A super quick look at what we get:

In [None]:
pd.DataFrame([dict(
    urn = s.urn,
    first_line = s.l_fi,
    last_line = s.l_la,
    speaker = ', '.join([inst.name for inst in s.spkr]),
    addressee = ', '.join([inst.name for inst in s.addr]),
) for s in speeches])

### Getting the text

The speech records in DICES only have metadata; to get the text, we use CTS to request each passage from Perseus. I'm going to tack the passages onto the existing speech objects.

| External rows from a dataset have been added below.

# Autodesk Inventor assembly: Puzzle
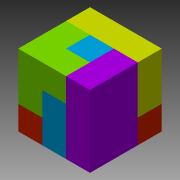
[picture p0: Inventor's stored thumbnail of the model, 180x180]
Saved by Autodesk Inventor 2015 (Build 190159000, 159)
## iProperties
Created: 2014-12-18
Part Number: Puzzle
Document SubType Name: Assembly
Designer: 1750019
Author: 1750019
## Documents named in this file (6)
- D:\RDrive\PLTW IED\PuzzleCube\Puzzle.iam
- D:\RDrive\PLTW IED\PuzzleCube\1.ipt
- D:\RDrive\PLTW IED\PuzzleCube\2.ipt
- D:\RDrive\PLTW IED\PuzzleCube\3.ipt
- D:\RDrive\PLTW IED\PuzzleCube\4.ipt
- D:\RDrive\PLTW IED\PuzzleCube\5.ipt
## Components (5 placed, 5 different names)
1. 1:1 — Flush:1, Flush:2, Mate:1, Flush:4, Mate:2, Flush:7, Flush:8
2. 2:1 — Mate:4, Flush:8, Flush:9, Flush:10
3. 3:1 — Flush:1, Flush:2, Mate:1, Flush:3, Flush:5, Mate:3, Flush:9, Flush:10
4. 4:1 — Flush:3, Flush:4, Flush:5, Flush:6, Mate:4
5. 5:1 — Mate:2, Flush:6, Mate:3, Flush:7
## Relationships (14: Flush 10, Mate 4)
- Flush:1: 1:1 ↔ 3:1
- Flush:2: 1:1 ↔ 3:1
- Mate:1: 1:1 ↔ 3:1
- Flush:3: 3:1 ↔ 4:1
- Flush:4: 1:1 ↔ 4:1
- Flush:5: 3:1 ↔ 4:1
- Mate:2: 1:1 ↔ 5:1
- Flush:6: 4:1 ↔ 5:1
- Mate:3: 3:1 ↔ 5:1
- Flush:7: 1:1 ↔ 5:1
- Mate:4: 2:1 ↔ 4:1
- Flush:8: 1:1 ↔ 2:1
- Flush:9: 2:1 ↔ 3:1
- Flush:10: 2:1 ↔ 3:1
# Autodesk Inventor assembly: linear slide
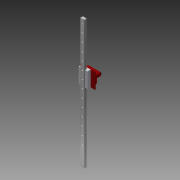
[picture p0: Inventor's stored thumbnail of the model, 180x180]
Saved by Autodesk Inventor 2015 SP1 (Build 190203100, 203)
## iProperties
Created: 2015-02-03
Part Number: linear slide
Document SubType Name: Assembly
Designer: Joseph
Author: Joseph
## Documents named in this file (4)
- C:\Users\Joseph\Documents\GitHub\mchp_kossel\Printer\linear slide.iam
- C:\Users\Joseph\Documents\GitHub\mchp_kossel\Printer\slide.ipt
- C:\Users\Joseph\Documents\GitHub\mchp_kossel\Printer\Carraige.ipt
- C:\Users\Joseph\Documents\GitHub\mchp_kossel\Printer\slide rail.ipt
## Components (3 placed, 3 different names)
1. slide:1 — Flush:1, Planar:1, Mate:2
2. Carraige:1 — Flush:1
3. slide rail:1 — Planar:1, Mate:2
## Relationships (3: Flush 1, PlanarJoint 1, Mate 1)
- Flush:1: slide:1 ↔ Carraige:1
- Planar:1: slide:1 ↔ slide rail:1
- Mate:2: slide:1 ↔ slide rail:1
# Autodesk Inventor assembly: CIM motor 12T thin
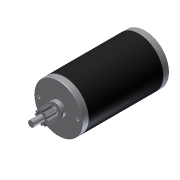
[picture p0: Inventor's stored thumbnail of the model, 180x180]
Saved by Autodesk Inventor 2011 (Build 150239000, 239)
## iProperties
Created: 2011-07-17
Part Number: CIM motor 12T thin
Document SubType Name: Assembly
Designer: Dan Niemitalo
Author: Dan Niemitalo
## Documents named in this file (4)
- H:\Nemo\Documents\Robotics\COTS Parts\Motors\CIM motor 12T.iam
- H:\Nemo\Documents\Robotics\Motors\CIM motor.ipt
- H:\Nemo\Documents\Robotics\Motors\2mmx2mmx10mm_key.ipt
- H:\Nemo\Documents\Robotics\COTS Parts\Gearboxes\Gears\Gear 20dp 8mm key 12T.ipt
## Components (3 placed, 3 different names)
1. CIM motor:1 — Mate:1, Angle:1, Mate:2, Mate:3, Mate:4
2. Spur Gear1:1 — Mate:1, Angle:1, Mate:2, Flush:1
3. 2mmx2mmx10mm_key:1 — Mate:3, Mate:4, Flush:1
## Relationships (6: Mate 4, Angle 1, Flush 1)
- Mate:1: CIM motor:1 ↔ Spur Gear1:1
- Angle:1 (0 deg): CIM motor:1 ↔ Spur Gear1:1
- Mate:2 (4.7625 mm): CIM motor:1 ↔ Spur Gear1:1
- Mate:3: CIM motor:1 ↔ 2mmx2mmx10mm_key:1
- Mate:4: CIM motor:1 ↔ 2mmx2mmx10mm_key:1
- Flush:1: Spur Gear1:1 ↔ 2mmx2mmx10mm_key:1

One limitation of DICES right now: **line is the finest granularity we have for beginnings and endings.** So we're picking up *verba dicendi* and other extra material in speeches that start or end partway through a line. For a lot of our Greek texts it isn't an issue; and for some other authors there are quotation marks or `<q>` tags in the xml that let us find the edges of the speech, but not for Lucan.

In [None]:
# takes long enough that I like a progress bar
pbar = NotebookPBar(max=len(speeches))

for s in speeches:
    try:
        s.cts_passage = s.getCTS()
    except:
        print('Failed to get', s)
        s.cts_passage = None
    pbar.update()

#### Whole speeches

The simplest way to get the text is the `text` attribute of the cts passages.

In [None]:
pd.DataFrame([dict(
    first_line = s.l_fi,
    last_line = s.l_la,
    speaker = ', '.join([inst.name for inst in s.spkr]),
    addressee = ', '.join([inst.name for inst in s.addr]),
    text = s.cts_passage.text,
) for s in speeches])

#### Line-by-line

This is the best way I've come up with to parse the cts passages into lines. **💁🏻‍♂️ Any suggestions here?**

In [None]:
xpath = '//{http://www.tei-c.org/ns/1.0}l'

for s in speeches:
    s.verse_array = [dict(
        n = l.get('n'), 
        text = l.text,
    ) for l in s.cts_passage.xml.getroottree().findall(xpath)]

In [None]:
pd.DataFrame(speeches[2].verse_array)

### NLP with CLTK

In [None]:
from cltk import NLP

#### Working with language-specific pipelines

This isn't necessary when we're just looking at Lucan, but I'm including it to show my more general workflow, in combination with the `.lang` attribute of DICES Speech objects.

In [None]:
cltk_nlp = dict(
    latin = NLP('lat'),
    greek = NLP('grc'),
)

#### Parsing the whole text of each speech

In [None]:
# this takes a long time and I've never actually run it all the way through...
pbar = NotebookPBar(max=len(speeches))

for s in speeches:
    s.cltk_doc = cltk_nlp[s.lang](s.cts_passage.text)
    pbar.update()

💁🏻‍♂️ Questions:

 - Can I leave out of the pipeline whatever is retrieving all the dictionary entries?
 - Can I make this any faster?
 - I notice that the words have placeholder attributes for the start and end positions in the string. Can I turn these on?
 - Should I be breaking this up into sentences?
 - Would it work on individual lines, even if they're not grammatically complete?


#### Breaking into sentences

In [None]:
from cltk.sentence.lat import LatinPunktSentenceTokenizer
splitter = LatinPunktSentenceTokenizer()

for s in speeches:
    s.sentences = splitter.tokenize(s.cts_passage.text)